Speaking last week, Mr. Pogam said he had been entirely willing to screen “Grace of Monaco” for the son and daughters of Princess Grace, who died following a car crash in 1982 (while Prince Rainier died 23 years later). “We’ve always been trying to show it,” he said, though no family screening was ever set.

While the princely heirs now appear unlikely to soften their stance, Mr. Weinstein last week put aside at least some of his objections. That happened mostly, said the people briefed on his plans, out of regard for the powerful Creative Artists Agency, which brokered the rights agreements, and for Ms. Kidman, with whom the Weinstein company is involved via its recently released “The Railway Man,” and a forthcoming film, “Paddington.”

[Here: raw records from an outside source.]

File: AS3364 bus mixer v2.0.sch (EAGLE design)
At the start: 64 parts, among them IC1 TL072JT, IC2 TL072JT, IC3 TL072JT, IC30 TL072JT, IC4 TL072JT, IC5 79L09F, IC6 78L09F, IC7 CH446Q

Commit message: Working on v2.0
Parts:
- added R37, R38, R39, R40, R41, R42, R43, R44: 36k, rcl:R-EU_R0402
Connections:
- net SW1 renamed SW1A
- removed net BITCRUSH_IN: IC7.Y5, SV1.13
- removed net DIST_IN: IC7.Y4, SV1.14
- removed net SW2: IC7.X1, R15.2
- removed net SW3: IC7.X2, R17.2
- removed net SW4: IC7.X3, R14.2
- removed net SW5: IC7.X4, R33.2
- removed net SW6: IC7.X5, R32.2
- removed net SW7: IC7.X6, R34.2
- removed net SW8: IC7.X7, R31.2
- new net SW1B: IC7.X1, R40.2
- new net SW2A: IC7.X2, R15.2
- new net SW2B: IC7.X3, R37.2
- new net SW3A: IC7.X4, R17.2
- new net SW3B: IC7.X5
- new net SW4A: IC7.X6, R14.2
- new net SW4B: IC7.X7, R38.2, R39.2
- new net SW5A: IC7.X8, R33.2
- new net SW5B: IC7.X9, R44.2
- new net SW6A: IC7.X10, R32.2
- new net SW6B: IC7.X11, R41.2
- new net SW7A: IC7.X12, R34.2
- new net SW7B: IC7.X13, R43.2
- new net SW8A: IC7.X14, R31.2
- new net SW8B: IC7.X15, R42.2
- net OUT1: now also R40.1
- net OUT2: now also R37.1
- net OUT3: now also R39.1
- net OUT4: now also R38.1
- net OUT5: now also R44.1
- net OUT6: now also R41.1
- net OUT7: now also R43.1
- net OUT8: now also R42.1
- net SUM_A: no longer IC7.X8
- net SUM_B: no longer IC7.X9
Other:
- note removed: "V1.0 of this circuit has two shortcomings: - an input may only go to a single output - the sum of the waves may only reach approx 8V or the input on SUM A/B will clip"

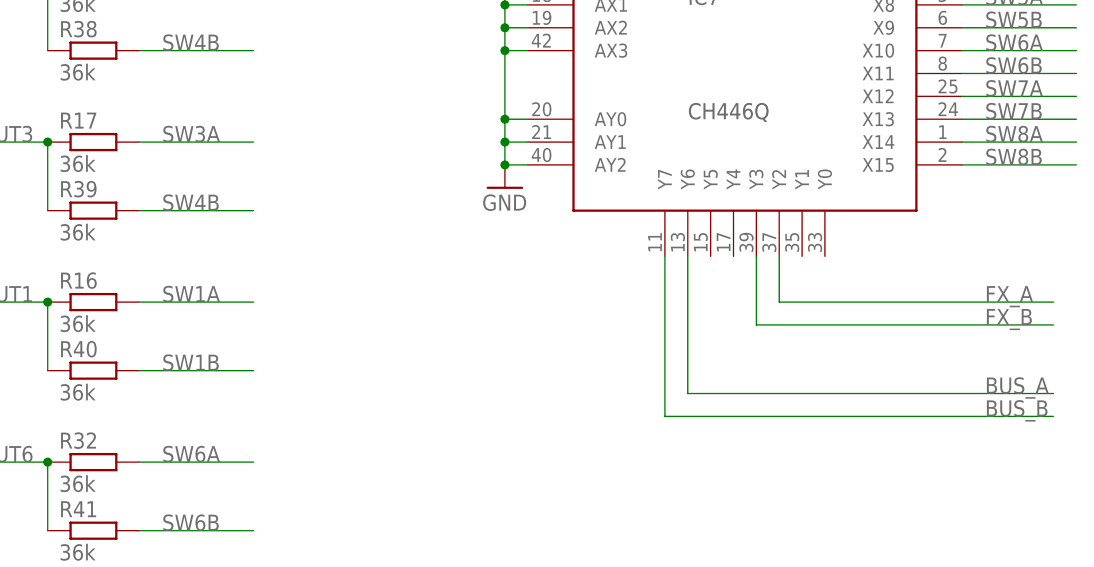
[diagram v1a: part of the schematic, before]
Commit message: Finished tracing v2.0 of bus mixer
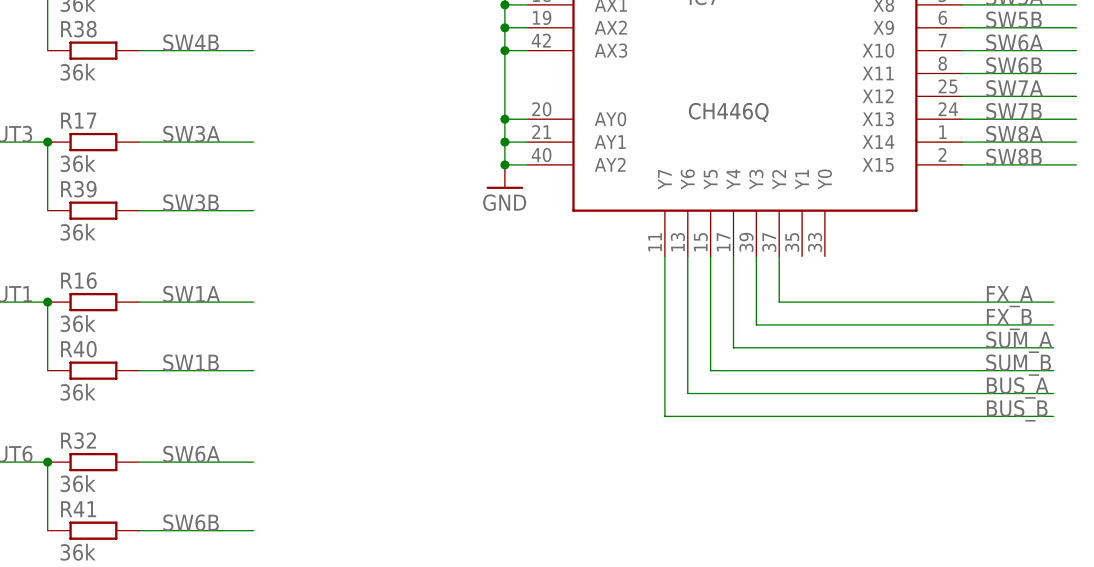
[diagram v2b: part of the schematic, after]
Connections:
- net SUM_A: now also IC7.Y4
- net SUM_B: now also IC7.Y5
- net SW3B: now also R39.2
- net SW4B: no longer R39.2
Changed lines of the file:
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@@
 <wire x1="218.44" y1="-43.18" x2="233.68" y2="-43.18" width="0.1524" layer="91"/>
+</segment>
+<segment>
+<pinref part="IC7" gate="G$1" pin="Y4"/>
+<wire x1="203.2" y1="33.02" x2="203.2" y2="22.86" width="0.1524" layer="91"/>
+<wire x1="203.2" y1="22.86" x2="238.76" y2="22.86" width="0.1524" layer="91"/>
+<label x="231.14" y="22.86" size="1.778" layer="95"/>
 </segment>
 </net>
@@
 <wire x1="218.44" y1="-63.5" x2="233.68" y2="-63.5" width="0.1524" layer="91"/>
 </segment>
+<segment>
+<pinref part="IC7" gate="G$1" pin="Y5"/>
+<wire x1="200.66" y1="33.02" x2="200.66" y2="20.32" width="0.1524" layer="91"/>
+<wire x1="200.66" y1="20.32" x2="238.76" y2="20.32" width="0.1524" layer="91"/>
+<label x="231.14" y="20.32" size="1.778" layer="95"/>
+</segment>
 </net>
 <net name="FX_A" class="0">
@@
 <label x="231.14" y="68.58" size="1.778" layer="95"/>
 </segment>
+<segment>
+<pinref part="R39" gate="G$1" pin="2"/>
+<wire x1="149.86" y1="38.1" x2="137.16" y2="38.1" width="0.1524" layer="91"/>
+<label x="139.7" y="38.1" size="1.778" layer="95"/>
+</segment>
 </net>
 <net name="SW4A" class="0">
@@
 <label x="139.7" y="55.88" size="1.778" layer="95"/>
 </segment>
-<segment>
-<pinref part="R39" gate="G$1" pin="2"/>
-<wire x1="149.86" y1="38.1" x2="137.16" y2="38.1" width="0.1524" layer="91"/>
-<label x="139.7" y="38.1" size="1.778" layer="95"/>
-</segment>
-</net>
+</net>

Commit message: Ordered 10 bus mixer v2.0
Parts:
- removed C16: 100nF, rcl:C-EUC0402
- added C8: 100nF, rcl:C-EUC0402
- C1, C5: value 5nF -> 100nF
- C10, C11: value 100nF -> 5nF
- C12: value 100nF -> 0.33uF; device rcl:C-EUC0402 -> resistor:C-EUC0603
- C15: value 0.33uF -> 100nF; device resistor:C-EUC0603 -> rcl:C-EUC0402
- IC1: value TL072JT -> 78L09F; device joakim:TL072JT -> linear:78L09F
- IC2: value TL072JT -> 79L09F; device joakim:TL072JT -> joakim:79L09F
- IC5: value 79L09F -> TL072JT; device joakim:79L09F -> joakim:TL072JT
- IC6: value 78L09F -> TL072JT; device linear:78L09F -> joakim:TL072JT
- R11, R26, R27, R28, R29, R9: value 22k -> 33k
- R13, R30: value 100R -> 33k
- R14, R16, R6, R8: value 36k -> 22k
- R15, R22, R23, R24, R25, R31, R32, R33, R34, R37, R38, R39, R40, R41, R42, R5, R7: value 36k -> 33k
- R17: value 36k -> 100R
- R18: value 33k -> 100R
- R2, R4: value 33k -> 22k
- R35, R36: value 220k -> 33k
- R43, R44: value 36k -> 220k
- renumbered C17 to C14, DA1 to IC10, DA2 to IC9, IC30 to IC8, R47 to R45, R48 to R46, SV1 to X1
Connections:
- net +12V: now also C1.2, C5.2, C7.2, C8.2, C9.2, IC1.VI, IC5P.V+, IC6P.V+; no longer C10.2, C11.2, C13.2, C2.2, C4.2, IC1P.V+, IC2P.V+, IC6.VI
- net +9V: now also IC1.VO; no longer IC6.VO
- net -12V: now also C13.1, C5.1, C6.1, C8.1, IC2.VI, IC5P.V-, IC6P.V-; no longer C11.1, C12.1, C15.1, C3.1, IC1P.V-, IC2P.V-, IC5.VI
- net -9V: now also C15.2, IC2.VO; no longer C16.2, IC5.VO
- net BUS_A: now also R43.2; no longer R35.2
- net BUS_B: now also R44.2; no longer R36.2
- net CON1: now also IC4A.+IN, R22.2; no longer IC1A.+IN, R6.2
- net CON2: now also IC4B.+IN, R19.2; no longer IC1B.+IN, R7.2
- net CON3: now also IC3A.+IN, R21.2; no longer IC2A.+IN, R5.2
- net CON4: now also IC3B.+IN, R20.2; no longer IC2B.+IN, R8.2
- net CON5: now also IC6A.+IN, R26.2; no longer IC3A.+IN, R23.2
- net CON6: now also IC6B.+IN, R23.2; no longer IC3B.+IN, R24.2
- net CON7: now also IC5A.+IN, R25.2; no longer IC4A.+IN, R22.2
- net CON8: now also IC5B.+IN, R24.2; no longer IC4B.+IN, R25.2
- net CV1: now also R7.1; no longer R2.1
- net CV2: now also R1.1; no longer R3.1
- net CV2_IN: now also R1.2, R2.2; no longer R11.2, R3.2
- net CV3: now also R5.1; no longer R1.1
- net CV4: now also R3.1; no longer R4.1
- net CV5: now also R15.1; no longer R19.1
- net CV6: now also R9.1; no longer R20.1
- net CV6_IN: now also R10.2, R9.2; no longer R20.2, R28.2
- net CV7: now also R13.1; no longer R18.1
- net CV8: now also R11.1; no longer R21.1
- net GND: now also C11.1, C12.1, C13.2, C15.1, C2.2, C3.1, C4.2, IC1.GND, IC1.GND@1, IC2.GND, R14.1, R16.1, R19.1, R2.1, R20.1, R21.1, R4.1, R43.1, R44.1; no longer C13.1, C15.2, C16.1, C5.1, C6.1, C7.2, C9.2, IC5.GND, IC6.GND, IC6.GND@1, R11.1, R27.1, R28.1, R29.1, R35.1, R36.1, R5.1, R7.1, R9.1
- net N$1: now also R18.2; no longer R30.2
- net N$10: now also R3.2; no longer R12.2
- net N$12: now also R5.2, R6.2; no longer R1.2, R9.2
- net N$14: now also C10.2, R17.1; no longer C5.2, R13.1
- net N$2: now also R17.2; no longer R13.2
- net N$21: now also R7.2, R8.2; no longer R10.2, R2.2
- net N$3: now also R11.2, R12.2; no longer R21.2, R29.2
- net N$5: now also R13.2, R14.2; no longer R18.2, R26.2
- net N$7: now also R15.2, R16.2; no longer R19.2, R27.2
- net N$8: now also C11.2, R18.1; no longer C1.2, R30.1
- net OUT1: now also IC4A.-IN, IC4A.OUT, R33.1, R34.1; no longer IC1A.-IN, IC1A.OUT, R16.1, R40.1
- net OUT2: now also IC4B.-IN, IC4B.OUT, R27.1, R28.1; no longer IC1B.-IN, IC1B.OUT, R15.1, R37.1
- net OUT3: now also IC3A.-IN, IC3A.OUT, R31.1, R32.1; no longer IC2A.-IN, IC2A.OUT, R17.1, R39.1
- net OUT4: now also IC3B.-IN, IC3B.OUT, R29.1, R30.1; no longer IC2B.-IN, IC2B.OUT, R14.1, R38.1
- net OUT5: now also IC6A.-IN, IC6A.OUT, R41.1, R42.1; no longer IC3A.-IN, IC3A.OUT, R33.1, R44.1
- net OUT6: now also IC6B.-IN, IC6B.OUT, R35.1, R36.1; no longer IC3B.-IN, IC3B.OUT, R32.1, R41.1
- net OUT7: now also IC5A.-IN, IC5A.OUT, R39.1, R40.1; no longer IC4A.-IN, IC4A.OUT, R34.1, R43.1
- net OUT8: now also IC5B.-IN, IC5B.OUT, R37.1, R38.1; no longer IC4B.-IN, IC4B.OUT, R31.1, R42.1
- net SW1A: now also R33.2; no longer R16.2
- net SW1B: now also R34.2; no longer R40.2
- net SW2A: now also R27.2; no longer R15.2
- net SW2B: now also R28.2; no longer R37.2
- net SW3A: now also R31.2; no longer R17.2
- net SW3B: now also R32.2; no longer R39.2
- net SW4A: now also R29.2; no longer R14.2
- net SW4B: now also R30.2; no longer R38.2
- net SW5A: now also R41.2; no longer R33.2
- net SW5B: now also R42.2; no longer R44.2
- net SW6A: now also R35.2; no longer R32.2
- net SW6B: now also R36.2; no longer R41.2
- net SW7A: now also R39.2; no longer R34.2
- net SW7B: now also R40.2; no longer R43.2
- net SW8A: now also R37.2; no longer R31.2
- net SW8B: now also R38.2; no longer R42.2
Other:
- moved on the sheet: C1, C10, C11, C12, C13, C15, C2, C3, C4, C5, C6, C7

But there has also been discussion of a sharp reduction in the $5 million Weinstein had initially agreed to pay for rights to “Grace of Monaco.” For roughly half that amount, the company is now likely to release Mr. Dahan’s film — which, executives say, incorporates some of Mr. Weinstein’s earlier editorial suggestions — probably in August or September. How widely the film will be shown, and whether it has the sizzle of an awards-worthy release, however, will depend, in part, on its reception at Cannes.

Was the movie damaged by the tiff, which triggered a flurry of reports, including an extensive account in The Los Angeles Times?

“Not a bit, not a bit,” said David Glasser, Weinstein’s president, who responded in Mr. Weinstein’s behalf to some questions about the film. After all, controversy of one sort or another has simply brought more attention to many Weinstein films, including “Lee Daniels’ The Butler,” which took in $117 million at the United States box office last year, after a sharp dispute between Weinstein and Warner Bros. over rights to its title.

Most of the bumps will be smoothed over at Cannes.

Gaumont, said Mr. Le Pogam, is planning a Wednesday night bash — designed to match the mood and stylings of the 1960s — near the Croisette.

Ms. Kidman and Mr. Roth are both expected. Ms. Kidman, who is flying in from Australia, where she has been working on a thriller called “Strangerland,” is expected to stick around for several days, doing interviews and getting her film back on track.

Mr. Weinstein and associates will also join the party.

“We’ll be there in full support,” Mr. Glasser said. “A good film is a good film.”

And if the Grimaldis care to drop down from Monaco, which is, after all, just up the coast, would they still be welcome?

“Of course,” Mr. Le Pogam said. “Of course!”